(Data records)
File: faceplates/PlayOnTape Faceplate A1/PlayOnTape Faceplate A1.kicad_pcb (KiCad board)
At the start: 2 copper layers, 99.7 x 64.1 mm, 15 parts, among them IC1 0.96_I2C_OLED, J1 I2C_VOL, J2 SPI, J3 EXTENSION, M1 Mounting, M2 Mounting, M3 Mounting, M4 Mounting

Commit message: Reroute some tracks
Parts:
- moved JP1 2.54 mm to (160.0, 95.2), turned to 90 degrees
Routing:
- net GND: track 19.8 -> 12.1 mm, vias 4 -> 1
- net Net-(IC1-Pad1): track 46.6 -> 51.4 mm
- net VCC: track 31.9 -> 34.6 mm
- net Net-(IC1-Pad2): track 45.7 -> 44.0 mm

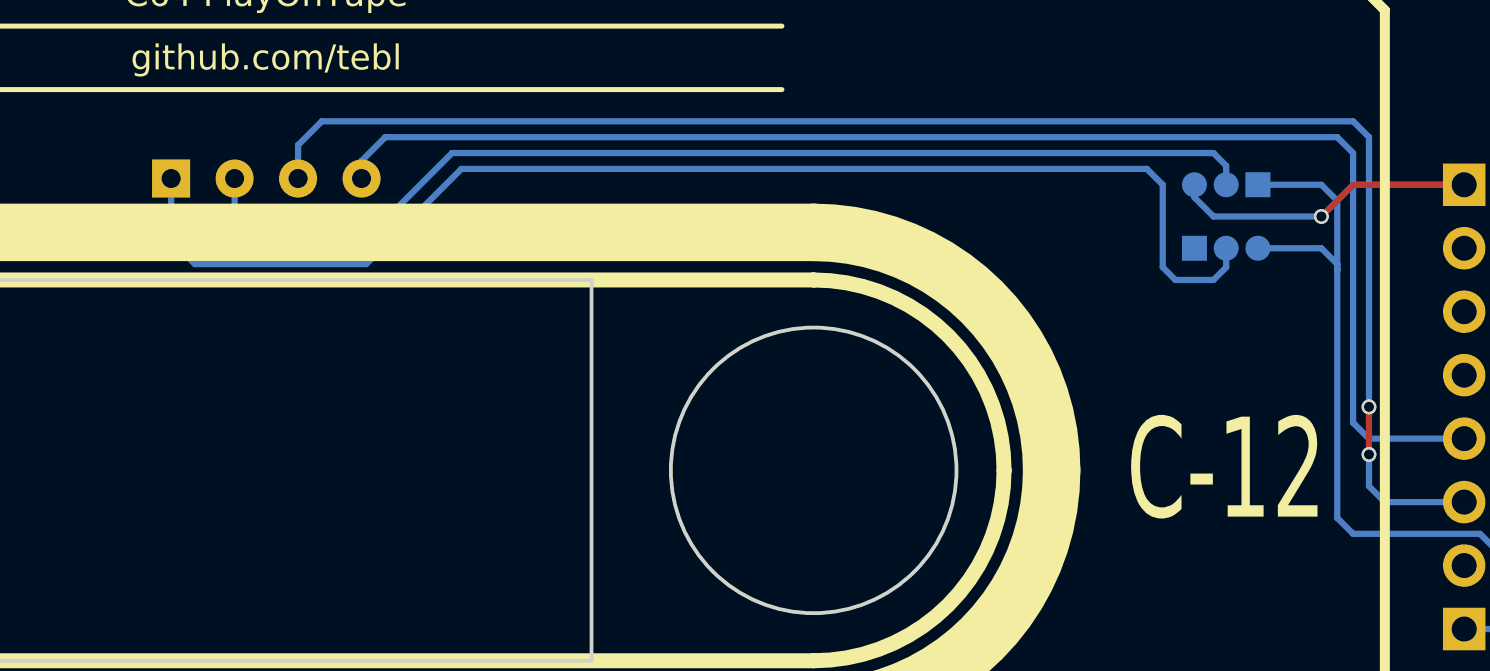
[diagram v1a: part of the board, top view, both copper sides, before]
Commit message: Fixed OLED jumpers
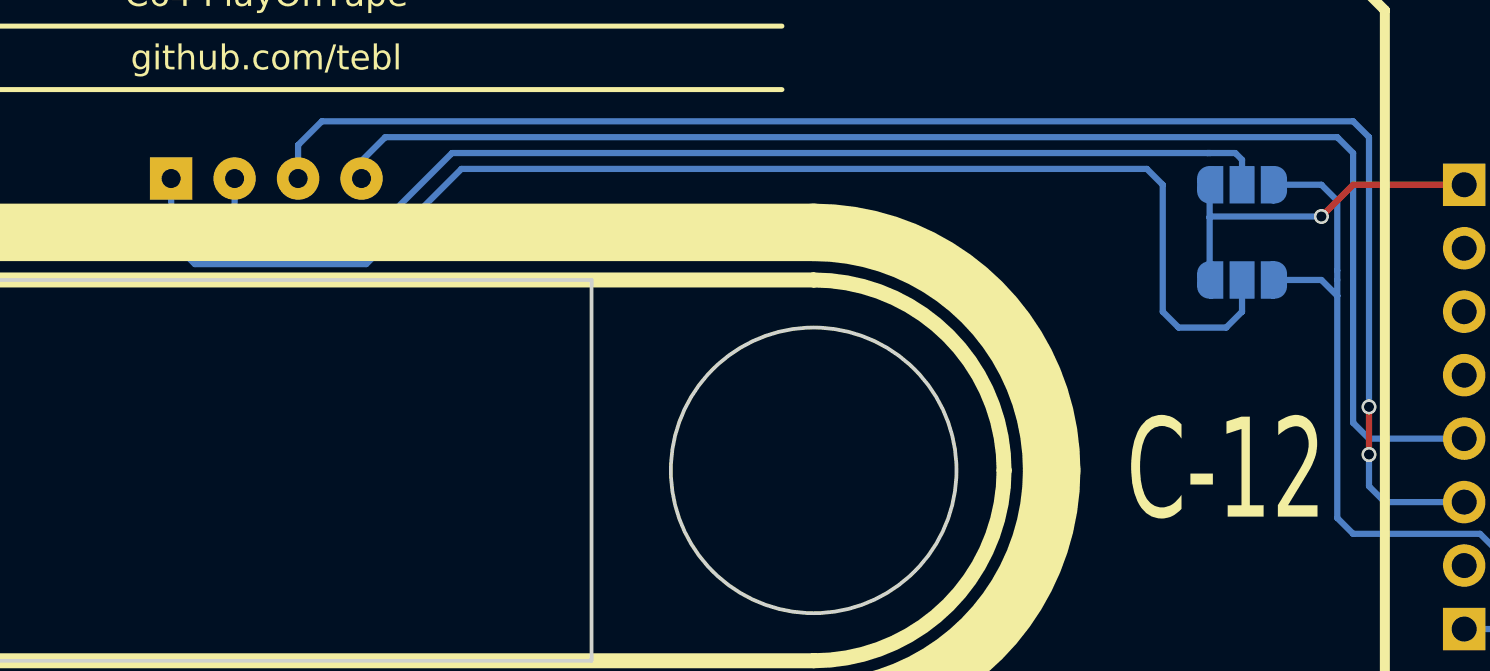
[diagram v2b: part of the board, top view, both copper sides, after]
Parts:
- JP1, JP2: footprint wire_pads:OLED_SEL -> Jumper:SolderJumper-3_P1.3mm_Open_RoundedPad1.0x1.5mm
- moved JP2 2.29 mm to (159.4, 99.1), turned to 0 degrees
- moved JP1 0.64 mm to (159.4, 95.2), turned to 180 degrees
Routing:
- net Net-(IC1-Pad1): track 51.4 -> 54.4 mm
- net GND: track 12.1 -> 14.5 mm
- net VCC: track 34.6 -> 33.0 mm
- net Net-(IC1-Pad2): track 44.0 -> 44.7 mm

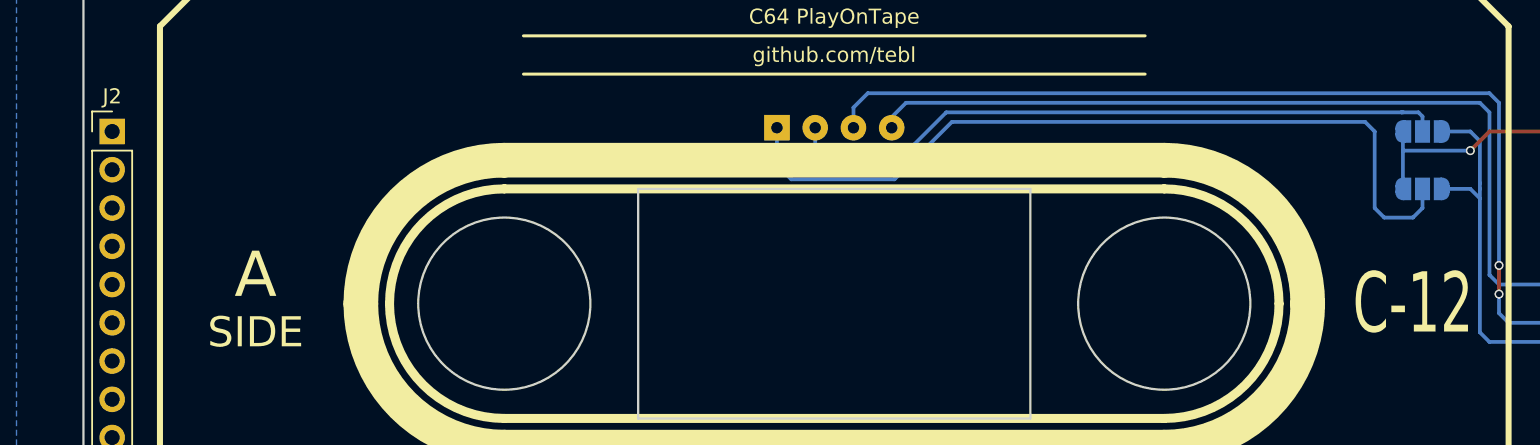
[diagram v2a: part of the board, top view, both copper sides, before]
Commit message: Changed to use IDC cable
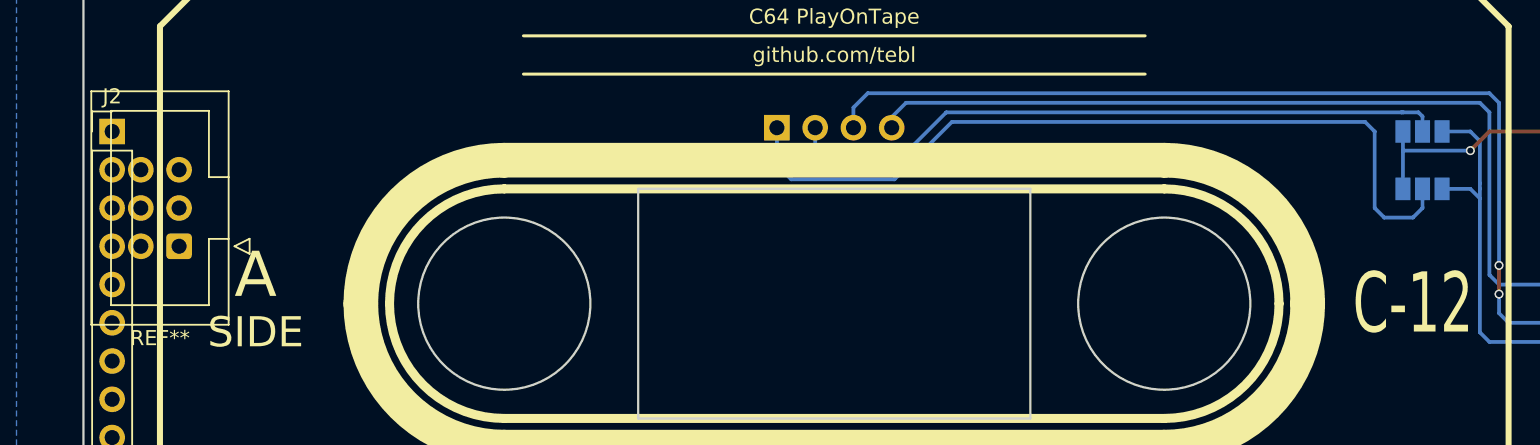
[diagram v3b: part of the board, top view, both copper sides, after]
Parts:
- added REF**: IDC-Header_2x03_P2.54mm_Vertical, Connector_IDC:IDC-Header_2x03_P2.54mm_Vertical, F.Cu at (76.8, 102.9)
- JP1, JP2: footprint Jumper:SolderJumper-3_P1.3mm_Open_RoundedPad1.0x1.5mm -> Jumper:SolderJumper-3_P1.3mm_Open_Pad1.0x1.5mm

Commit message: Add connector cutout
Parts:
- removed J2: SPI, Pin_Headers:Pin_Header_Straight_1x10_Pitch2.54mm
- removed the REF** at (76.8, 102.9)
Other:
- outline, holes or cut-outs redrawn
- board text removed: "SIDE"

_Goal of the exercise_
Your output should be the full set of entries above, restated word for word and free of pictures.

_Task response_
File: faceplates/PlayOnTape Faceplate A1/PlayOnTape Faceplate A1.kicad_pcb (KiCad board)
At the start: 2 copper layers, 99.7 x 64.1 mm, 15 parts, among them IC1 0.96_I2C_OLED, J1 I2C_VOL, J2 SPI, J3 EXTENSION, M1 Mounting, M2 Mounting, M3 Mounting, M4 Mounting

Commit message: Reroute some tracks
Parts:
- moved JP1 2.54 mm to (160.0, 95.2), turned to 90 degrees
Routing:
- net GND: track 19.8 -> 12.1 mm, vias 4 -> 1
- net Net-(IC1-Pad1): track 46.6 -> 51.4 mm
- net VCC: track 31.9 -> 34.6 mm
- net Net-(IC1-Pad2): track 45.7 -> 44.0 mm

[diagram v1a: part of the board, top view, both copper sides, before]
Commit message: Fixed OLED jumpers
[diagram v2b: part of the board, top view, both copper sides, after]
Parts:
- JP1, JP2: footprint wire_pads:OLED_SEL -> Jumper:SolderJumper-3_P1.3mm_Open_RoundedPad1.0x1.5mm
- moved JP2 2.29 mm to (159.4, 99.1), turned to 0 degrees
- moved JP1 0.64 mm to (159.4, 95.2), turned to 180 degrees
Routing:
- net Net-(IC1-Pad1): track 51.4 -> 54.4 mm
- net GND: track 12.1 -> 14.5 mm
- net VCC: track 34.6 -> 33.0 mm
- net Net-(IC1-Pad2): track 44.0 -> 44.7 mm

[diagram v2a: part of the board, top view, both copper sides, before]
Commit message: Changed to use IDC cable
[diagram v3b: part of the board, top view, both copper sides, after]
Parts:
- added REF**: IDC-Header_2x03_P2.54mm_Vertical, Connector_IDC:IDC-Header_2x03_P2.54mm_Vertical, F.Cu at (76.8, 102.9)
- JP1, JP2: footprint Jumper:SolderJumper-3_P1.3mm_Open_RoundedPad1.0x1.5mm -> Jumper:SolderJumper-3_P1.3mm_Open_Pad1.0x1.5mm

Commit message: Add connector cutout
Parts:
- removed J2: SPI, Pin_Headers:Pin_Header_Straight_1x10_Pitch2.54mm
- removed the REF** at (76.8, 102.9)
Other:
- outline, holes or cut-outs redrawn
- board text removed: "SIDE"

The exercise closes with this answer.